**Exercise objective**
Which lines of the data below include the string "UpperLimit"? Return each of them.

**Excerpted data**
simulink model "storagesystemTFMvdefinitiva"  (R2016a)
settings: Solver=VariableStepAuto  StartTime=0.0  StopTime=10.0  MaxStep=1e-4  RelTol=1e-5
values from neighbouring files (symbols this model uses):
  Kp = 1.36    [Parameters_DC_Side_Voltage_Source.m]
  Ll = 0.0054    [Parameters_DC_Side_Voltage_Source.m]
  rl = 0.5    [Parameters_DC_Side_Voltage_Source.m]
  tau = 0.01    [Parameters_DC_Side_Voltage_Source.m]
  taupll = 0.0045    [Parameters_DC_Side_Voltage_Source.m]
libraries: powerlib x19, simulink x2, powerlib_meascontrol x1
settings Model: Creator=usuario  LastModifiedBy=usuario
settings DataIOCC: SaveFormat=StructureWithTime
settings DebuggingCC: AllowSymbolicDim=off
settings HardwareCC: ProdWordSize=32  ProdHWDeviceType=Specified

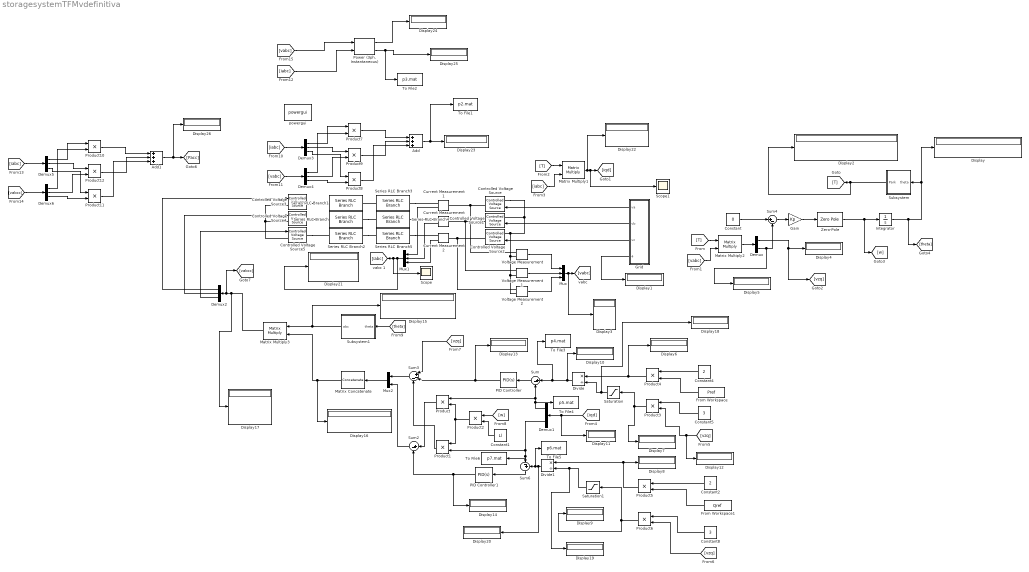
== system storagesystemTFMvdefinitiva ==
  Add : Sum  Inputs=+++
  Add1 : Sum  Inputs=+++
  Constant : Constant  Value=0
  Constant1 : Constant  Value=Ll
  Constant2 : Constant  Value=2
  Constant4 : Constant  Value=2
  Constant5 : Constant  Value=3
  Constant8 : Constant  Value=3
  Controlled Voltage Source{,1..5} (6 alike) : powerlib/Electrical Sources/Controlled Voltage Source  Initialize=on  Source_Type=AC  Amplitude=0  Phase=0  Frequency=0  Measurements=None
  Current Measurement : powerlib/Measurements/Current Measurement  PhasorSimulation=off  OutputType=Complex  PSBequivalent=0
  Current Measurement1 : powerlib/Measurements/Current Measurement  PhasorSimulation=off  OutputType=Complex  PSBequivalent=0
  Current Measurement2 : powerlib/Measurements/Current Measurement  PhasorSimulation=off  OutputType=Complex  PSBequivalent=0
  Demux : Demux  Outputs=2
  Demux1 : Demux  Outputs=2
  Demux{2..6} (5 alike) : Demux  Outputs=3
  Display{,1..26} (27 alike) : Display
  Divide : Product  Inputs=*/
  Divide1 : Product  Inputs=*/
  From Workspace : FromWorkspace  VariableName=Pref  SampleTime=0
  From Workspace1 : FromWorkspace  VariableName=Qref  SampleTime=0
  Gain : Gain  Gain=Kp
  "Grid " : Subsystem
  Integrator : Integrator
  Matrix Concatenate : Concatenate  NumInputs=1  Mode=Multidimensional array  ConcatenateDimension=2
  Matrix Multiply1 : Product  Multiplication=Matrix(*)
  Matrix Multiply2 : Product  Multiplication=Matrix(*)
  Matrix Multiply3 : Product  Multiplication=Matrix(*)
  Mux : Mux  Inputs=3
  Mux1 : Mux  Inputs=3
  Mux2 : Mux  Inputs=2
  PID Controller : simulink/Continuous/PID Controller  Controller=PID  TimeDomain=Continuous-time  SampleTime=-1  IntegratorMethod=Forward Euler  FilterMethod=Forward Euler  Form=Parallel  UseFilter=on  ControllerParametersSource=internal  P=Ll/tau  I=rl/tau  D=0  N=100  InitialConditionSource=internal  InitialConditionForIntegrator=0  InitialConditionForFilter=0  ExternalReset=none  LimitOutput=off  UpperSaturationLimit=inf  LowerSaturationLimit=-inf  LinearizeAsGain=on  AntiWindupMode=none  Kb=1  TrackingMode=off  Kt=1  PParamMin=[]  PParamMax=[]  IParamMin=[]  IParamMax=[]  DParamMin=[]  DParamMax=[]  NParamMin=[]  NParamMax=[]  KbParamMin=[]  KbParamMax=[]  KtParamMin=[]  KtParamMax=[]  POutMin=[]  POutMax=[]  IOutMin=[]  IOutMax=[]  DOutMin=[]  DOutMax=[]  NOutMin=[]  NOutMax=[]  KbOutMin=[]  KbOutMax=[]  KtOutMin=[]  KtOutMax=[]  IntegratorOutMin=[]  IntegratorOutMax=[]  FilterOutMin=[]  FilterOutMax=[]  SumOutMin=[]  SumOutMax=[]  SumI1OutMin=[]  SumI1OutMax=[]  SumI2OutMin=[]  SumI2OutMax=[]  SumI3OutMin=[]  SumI3OutMax=[]  SumDOutMin=[]  SumDOutMax=[]  SaturationOutMin=[]  SaturationOutMax=[]  IntegratorContinuousStateAttributes=''  IntegratorStateMustResolveToSignalObject=off  IntegratorRTWStateStorageClass=Auto  FilterContinuousStateAttributes=''  FilterStateMustResolveToSignalObject=off  FilterRTWStateStorageClass=Auto  DifferentiatorICPrevScaledInput=0  DifferentiatorOutMin=[]  DifferentiatorOutMax=[]
  PID Controller1 : simulink/Continuous/PID Controller  Controller=PID  TimeDomain=Continuous-time  SampleTime=-1  IntegratorMethod=Forward Euler  FilterMethod=Forward Euler  Form=Parallel  UseFilter=on  ControllerParametersSource=internal  P=Ll/tau  I=rl/tau  D=0  N=100  InitialConditionSource=internal  InitialConditionForIntegrator=0  InitialConditionForFilter=0  ExternalReset=none  LimitOutput=off  UpperSaturationLimit=inf  LowerSaturationLimit=-inf  LinearizeAsGain=on  AntiWindupMode=none  Kb=1  TrackingMode=off  Kt=1  PParamMin=[]  PParamMax=[]  IParamMin=[]  IParamMax=[]  DParamMin=[]  DParamMax=[]  NParamMin=[]  NParamMax=[]  KbParamMin=[]  KbParamMax=[]  KtParamMin=[]  KtParamMax=[]  POutMin=[]  POutMax=[]  IOutMin=[]  IOutMax=[]  DOutMin=[]  DOutMax=[]  NOutMin=[]  NOutMax=[]  KbOutMin=[]  KbOutMax=[]  KtOutMin=[]  KtOutMax=[]  IntegratorOutMin=[]  IntegratorOutMax=[]  FilterOutMin=[]  FilterOutMax=[]  SumOutMin=[]  SumOutMax=[]  SumI1OutMin=[]  SumI1OutMax=[]  SumI2OutMin=[]  SumI2OutMax=[]  SumI3OutMin=[]  SumI3OutMax=[]  SumDOutMin=[]  SumDOutMax=[]  SaturationOutMin=[]  SaturationOutMax=[]  IntegratorContinuousStateAttributes=''  IntegratorStateMustResolveToSignalObject=off  IntegratorRTWStateStorageClass=Auto  FilterContinuousStateAttributes=''  FilterStateMustResolveToSignalObject=off  FilterRTWStateStorageClass=Auto  DifferentiatorICPrevScaledInput=0  DifferentiatorOutMin=[]  DifferentiatorOutMax=[]
  "Power (3ph, Instantaneous)" : powerlib_meascontrol/Measurements/Power (3ph, Instantaneous)
  Product{,1..12} (13 alike) : Product
  Saturation : Saturate  UpperLimit=1000  LowerLimit=200
  Saturation1 : Saturate  UpperLimit=1000  LowerLimit=200
  Scope : Scope
  Scope1 : Scope
  Series RLC Branch : powerlib/Elements/Series RLC Branch  LConnTagsString=__new0  RConnTagsString=__new0  BranchType=R  Resistance=0.5  Inductance=1e-3  SetiL0=off  InitialCurrent=0  Capacitance=1e-6  Setx0=off  InitialVoltage=0  Measurements=None
  Series RLC Branch1 : powerlib/Elements/Series RLC Branch  LConnTagsString=__new0  RConnTagsString=__new0  BranchType=R  Resistance=0.5  Inductance=1e-3  SetiL0=off  InitialCurrent=0  Capacitance=1e-6  Setx0=off  InitialVoltage=0  Measurements=None
  Series RLC Branch2 : powerlib/Elements/Series RLC Branch  LConnTagsString=__new0  RConnTagsString=__new0  BranchType=R  Resistance=0.5  Inductance=1e-3  SetiL0=off  InitialCurrent=0  Capacitance=1e-6  Setx0=off  InitialVoltage=0  Measurements=None
  Series RLC Branch3 : powerlib/Elements/Series RLC Branch  LConnTagsString=__new0  RConnTagsString=__new0  BranchType=L  Resistance=1  Inductance=0.0054  SetiL0=off  InitialCurrent=0  Capacitance=1e-6  Setx0=off  InitialVoltage=0  Measurements=None
  Series RLC Branch4 : powerlib/Elements/Series RLC Branch  LConnTagsString=__new0  RConnTagsString=__new0  BranchType=L  Resistance=1  Inductance=0.0054  SetiL0=off  InitialCurrent=0  Capacitance=1e-6  Setx0=off  InitialVoltage=0  Measurements=None
  Series RLC Branch5 : powerlib/Elements/Series RLC Branch  LConnTagsString=__new0  RConnTagsString=__new0  BranchType=L  Resistance=1  Inductance=0.0054  SetiL0=off  InitialCurrent=0  Capacitance=1e-6  Setx0=off  InitialVoltage=0  Measurements=None
  Subsystem : Subsystem
  Subsystem1 : Subsystem
  Sum : Sum  Inputs=|+-
  Sum2 : Sum  Inputs=|+-
  Sum3 : Sum  Inputs=|+--
  Sum4 : Sum  Inputs=|+-
  Sum6 : Sum  Inputs=|-+
  To File1 : ToFile  Filename=p2.mat  MatrixName=Pz1
  To File2 : ToFile  Filename=p3.mat  MatrixName=Qz
  To File3 : ToFile  Filename=p4.mat  MatrixName=iqref
  To File4 : ToFile  Filename=p5.mat  MatrixName=iq
  To File5 : ToFile  Filename=p6.mat  MatrixName=idref
  To File6 : ToFile  Filename=p7.mat  MatrixName=id
  Voltage Measurement : powerlib/Measurements/Voltage Measurement  PhasorSimulation=off  OutputType=Complex  PSBequivalent=0
  Voltage Measurement1 : powerlib/Measurements/Voltage Measurement  PhasorSimulation=off  OutputType=Complex  PSBequivalent=0
  Voltage Measurement2 : powerlib/Measurements/Voltage Measurement  PhasorSimulation=off  OutputType=Complex  PSBequivalent=0
  Zero-Pole : ZeroPole  Zeros=[-1/taupll]  Poles=[0]
  powergui : powerlib/powergui  Priority=1  SimulationMode=Continuous  SolverType=Tustin/Backward Euler (TBE)  SampleTime=50e-6  frequency=60  SPID=off  DisableSnubberDevices=off  DisableRonSwitches=off  DisableVfSwitches=off  SwTol=0  DisplayEquations=off  Interpol=off  ExternalGateDelay=off  methode=off  Ts=10  FunctionMessages=off  echomessages=off  HookPort=off  EnableUseOfTLC=off  x0status=blocks  frequencyindice=0  Pbase=100e6  ErrMax=1e-4  Iterations=50  UnitsV=kV  UnitsW=MW  buscounter=0  RestoreLinks=warning  ResistiveCurrentMeasurement=off  Frange=[0:2:500]  Ylog=off  Xlog=on  ShowGrid=off  save=off  variable=ZData  structure=0  ZoomFFT=off  StartTime=0.0  cycles=1  DisplayStyle=1  fundamental=60  FreqAxis=off  MaxFrequency=1000  frequencyindicesteady=1  RmsSteady=1  display=off
  wires:
  Product/1 -> Sum2/1
  Constant/1 -> Sum4/1
  Subsystem/1(Park) -> Display2/1, [T]
  Sum4/1 -> Gain/1
  Gain/1 -> Zero-Pole/1
  Zero-Pole/1 -> [w], Integrator/1
  Integrator/1 -> [theta], Display/1, Subsystem/1(theta)
  Constant1/1 -> Product2/2
  Product2/1 -> Product1/1, Product/2
  Voltage Measurement1/1 -> Mux/2
  Voltage Measurement/1 -> Mux/1
  Voltage Measurement2/1 -> Mux/3
  Mux/1 -> Display3/1, [vabc]
  [T] -> Matrix Multiply2/1
  [vabc] -> Matrix Multiply2/2
  Matrix Multiply2/1 -> Demux/1
  Demux/2 -> Display5/1, Sum4/2
  Current Measurement2/1 -> Mux1/3
  Current Measurement/1 -> Mux1/2
  Current Measurement1/1 -> Mux1/1
  Mux1/1 -> Display21/1, Scope/1, [iabc]
  [T] -> Matrix Multiply1/1
  [iabc] -> Matrix Multiply1/2
  Matrix Multiply1/1 -> Scope1/1, [iqd], Display22/1
  "Grid "/1(va) -> Controlled Voltage Source/1
  "Grid "/2(vb) -> Controlled Voltage Source1/1
  "Grid "/3(vc) -> Controlled Voltage Source2/1
  Demux1/1 -> Sum/2, Product/1, To File4/1
  [iqd] -> Demux1/1, Display11/1
  Sum/1 -> PID Controller/1
  Demux1/2 -> To File6/1, Sum6/1, Product1/2
  Sum6/1 -> PID Controller1/1
  PID Controller1/1 -> Sum2/2, Display14/1
  Product1/1 -> Sum3/3
  PID Controller/1 -> Display13/1, Sum3/2
  Sum3/1 -> Mux2/1
  Sum2/1 -> Mux2/2
  Subsystem1/1(abc) -> Display15/1, Matrix Multiply3/1
  Matrix Multiply3/1 -> Display17/1, [vabcc], Demux2/1
  Demux2/1 -> Controlled Voltage Source3/1
  Demux2/2 -> Controlled Voltage Source4/1
  Demux2/3 -> Controlled Voltage Source5/1
  From Workspace/1 -> Product4/2
  Constant4/1 -> Product4/1
  Product4/1 -> Display6/1, Divide/1
  Constant5/1 -> Product3/1
  [vzq] -> Display12/1, Product3/2
  Divide/1 -> Display10/1, To File3/1, Sum/1
  Constant2/1 -> Product5/1
  From Workspace1/1 -> Product5/2
  Constant8/1 -> Product6/1
  [vzq] -> Product6/2
  Product5/1 -> Divide1/1, Display8/1
  Divide1/1 -> To File5/1, Sum6/2, Display20/1
  Mux2/1 -> Matrix Concatenate/1
  Matrix Concatenate/1 -> Display16/1, Matrix Multiply3/2
  "Grid "/4(grid angle) -> Display1/1
  Demux/1 -> [vzq], Display4/1
  Product3/1 -> Saturation/1, Display7/1
  Product6/1 -> Saturation1/1, Display9/1
  [vzq] -> Sum3/1
  [w] -> Product2/1
  [theta] -> Subsystem1/1(theta)
  Saturation1/1 -> Display19/1, Divide1/2
  Saturation/1 -> Display18/1, Divide/2
  [iabc] -> Demux3/1
  [vabc] -> Demux4/1
  Demux3/1 -> Product7/1
  Demux4/1 -> Product7/2
  Demux3/2 -> Product9/1
  Demux4/2 -> Product9/2
  Demux3/3 -> Product8/1
  Demux4/3 -> Product8/2
  Product7/1 -> Add/1
  Product9/1 -> Add/2
  Product8/1 -> Add/3
  Add/1 -> To File1/1, Display23/1
  [iabc] -> Demux5/1
  [vabcc] -> Demux6/1
  Demux5/1 -> Product10/1
  Demux6/1 -> Product10/2
  Demux5/2 -> Product12/1
  Demux6/2 -> Product12/2
  Demux5/3 -> Product11/1
  Demux6/3 -> Product11/2
  Product10/1 -> Add1/1
  Product12/1 -> Add1/2
  Product11/1 -> Add1/3
  Add1/1 -> Display26/1, [Pacc]
  [iabc] -> "Power (3ph, Instantaneous)"/2
  [vabc] -> "Power (3ph, Instantaneous)"/1
  "Power (3ph, Instantaneous)"/1 -> Display24/1
  "Power (3ph, Instantaneous)"/2 -> To File2/1, Display25/1
  connections:
  Controlled Voltage Source3/RConn1 -- Series RLC Branch1/LConn1
  Controlled Voltage Source4/RConn1 -- Series RLC Branch/LConn1
  Controlled Voltage Source5/RConn1 -- Series RLC Branch2/LConn1
  Series RLC Branch3/LConn1 -- Series RLC Branch1/RConn1
  Series RLC Branch/RConn1 -- Series RLC Branch4/LConn1
  Series RLC Branch2/RConn1 -- Series RLC Branch5/LConn1
  Controlled Voltage Source1/RConn1 -- Current Measurement/LConn1 -- Voltage Measurement1/LConn1
  Series RLC Branch3/RConn1 -- Current Measurement1/RConn1
  Controlled Voltage Source/RConn1 -- Voltage Measurement/LConn1 -- Current Measurement1/LConn1
  Series RLC Branch5/RConn1 -- Current Measurement2/RConn1
  Series RLC Branch4/RConn1 -- Current Measurement/RConn1
  Controlled Voltage Source2/RConn1 -- Current Measurement2/LConn1 -- Voltage Measurement2/LConn1
  Controlled Voltage Source/LConn1 -- Controlled Voltage Source2/LConn1 -- Voltage Measurement/LConn2 -- Voltage Measurement1/LConn2 -- Voltage Measurement2/LConn2 -- Controlled Voltage Source1/LConn1
  Controlled Voltage Source3/LConn1 -- Controlled Voltage Source4/LConn1 -- Controlled Voltage Source5/LConn1

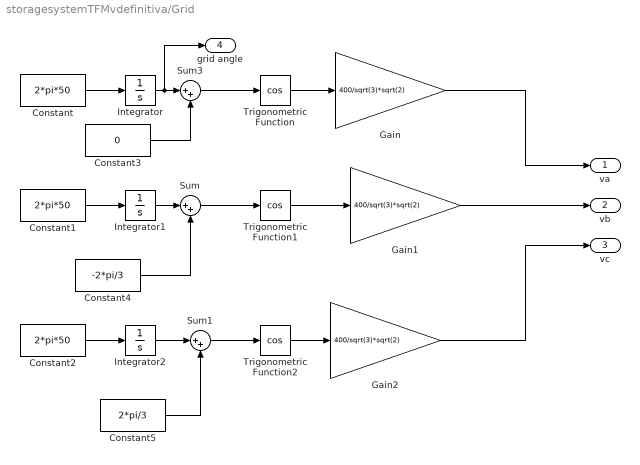
== system storagesystemTFMvdefinitiva/Grid  ==
  Constant : Constant  Value=2*pi*50
  Constant1 : Constant  Value=2*pi*50
  Constant2 : Constant  Value=2*pi*50
  Constant3 : Constant  Value=0
  Constant4 : Constant  Value=-2*pi/3
  Constant5 : Constant  Value=2*pi/3
  Gain : Gain  Gain=400/sqrt(3)*sqrt(2)
  Gain1 : Gain  Gain=400/sqrt(3)*sqrt(2)
  Gain2 : Gain  Gain=400/sqrt(3)*sqrt(2)
  Integrator : Integrator
  Integrator1 : Integrator
  Integrator2 : Integrator
  Sum : Sum  Inputs=|++
  Sum1 : Sum  Inputs=|++
  Sum3 : Sum  Inputs=|++
  Trigonometric Function : Trigonometry  Operator=cos
  Trigonometric Function1 : Trigonometry  Operator=cos
  Trigonometric Function2 : Trigonometry  Operator=cos
  va : Outport
  vb : Outport  Port=2
  vc : Outport  Port=3
  grid angle : Outport  Port=4
  wires:
  Constant2/1 -> Integrator2/1
  Integrator2/1 -> Sum1/1
  Gain2/1 -> vc/1
  Sum1/1 -> Trigonometric Function2/1
  Sum3/1 -> Trigonometric Function/1
  Integrator/1 -> grid angle/1, Sum3/1
  Constant5/1 -> Sum1/2
  Constant4/1 -> Sum/2
  Integrator1/1 -> Sum/1
  Trigonometric Function/1 -> Gain/1
  Gain/1 -> va/1
  Constant1/1 -> Integrator1/1
  Trigonometric Function2/1 -> Gain2/1
  Constant/1 -> Integrator/1
  Constant3/1 -> Sum3/2
  Trigonometric Function1/1 -> Gain1/1
  Gain1/1 -> vb/1
  Sum/1 -> Trigonometric Function1/1

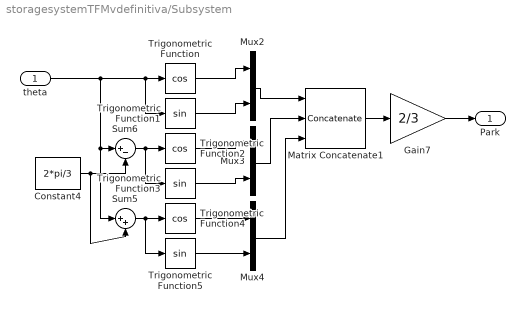
== system storagesystemTFMvdefinitiva/Subsystem ==
  theta : Inport  PortDimensions=1
  Constant4 : Constant  Value=2*pi/3  SampleTime=-1
  Gain7 : Gain  Gain=2/3
  Matrix Concatenate1 : Concatenate  NumInputs=3  Mode=Multidimensional array  ConcatenateDimension=2
  Mux2 : Mux  Inputs=2
  Mux3 : Mux  Inputs=2
  Mux4 : Mux  Inputs=2
  Sum5 : Sum  Inputs=|++
  Sum6 : Sum  Inputs=|+-
  Trigonometric Function : Trigonometry  Operator=cos
  Trigonometric Function1 : Trigonometry
  Trigonometric Function2 : Trigonometry  Operator=cos
  Trigonometric Function3 : Trigonometry
  Trigonometric Function4 : Trigonometry  Operator=cos
  Trigonometric Function5 : Trigonometry
  Park : Outport
  wires:
  Trigonometric Function/1 -> Mux2/1
  Sum5/1 -> Trigonometric Function4/1, Trigonometric Function5/1
  Trigonometric Function3/1 -> Mux3/2
  Trigonometric Function2/1 -> Mux3/1
  Sum6/1 -> Trigonometric Function2/1, Trigonometric Function3/1
  Trigonometric Function1/1 -> Mux2/2
  Gain7/1 -> Park/1
  Matrix Concatenate1/1 -> Gain7/1
  Mux4/1 -> Matrix Concatenate1/3
  Mux3/1 -> Matrix Concatenate1/2
  Mux2/1 -> Matrix Concatenate1/1
  Trigonometric Function5/1 -> Mux4/2
  Trigonometric Function4/1 -> Mux4/1
  Constant4/1 -> Sum6/2, Sum5/2
  theta/1 -> Sum5/1, Sum6/1, Trigonometric Function/1, Trigonometric Function1/1

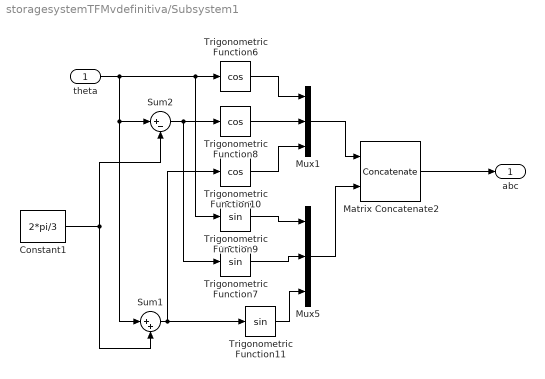
== system storagesystemTFMvdefinitiva/Subsystem1 ==
  theta : Inport  PortDimensions=1
  Constant1 : Constant  Value=2*pi/3  SampleTime=-1
  Matrix Concatenate2 : Concatenate  Mode=Multidimensional array  ConcatenateDimension=2
  Mux1 : Mux  Inputs=3
  Mux5 : Mux  Inputs=3
  Sum1 : Sum  Inputs=|++
  Sum2 : Sum  Inputs=|+-
  Trigonometric Function10 : Trigonometry  Operator=cos
  Trigonometric Function11 : Trigonometry
  Trigonometric Function6 : Trigonometry  Operator=cos
  Trigonometric Function7 : Trigonometry
  Trigonometric Function8 : Trigonometry  Operator=cos
  Trigonometric Function9 : Trigonometry
  abc : Outport
  wires:
  Trigonometric Function6/1 -> Mux1/1
  Sum1/1 -> Trigonometric Function10/1, Trigonometric Function11/1
  Sum2/1 -> Trigonometric Function7/1, Trigonometric Function8/1
  Mux1/1 -> Matrix Concatenate2/1
  Constant1/1 -> Sum2/2, Sum1/2
  theta/1 -> Trigonometric Function9/1, Trigonometric Function6/1, Sum2/1, Sum1/1
  Trigonometric Function11/1 -> Mux5/3
  Trigonometric Function9/1 -> Mux5/1
  Mux5/1 -> Matrix Concatenate2/2
  Trigonometric Function7/1 -> Mux5/2
  Matrix Concatenate2/1 -> abc/1
  Trigonometric Function8/1 -> Mux1/2
  Trigonometric Function10/1 -> Mux1/3

**Answer to the problem**
  Saturation : Saturate  UpperLimit=1000  LowerLimit=200
  Saturation1 : Saturate  UpperLimit=1000  LowerLimit=200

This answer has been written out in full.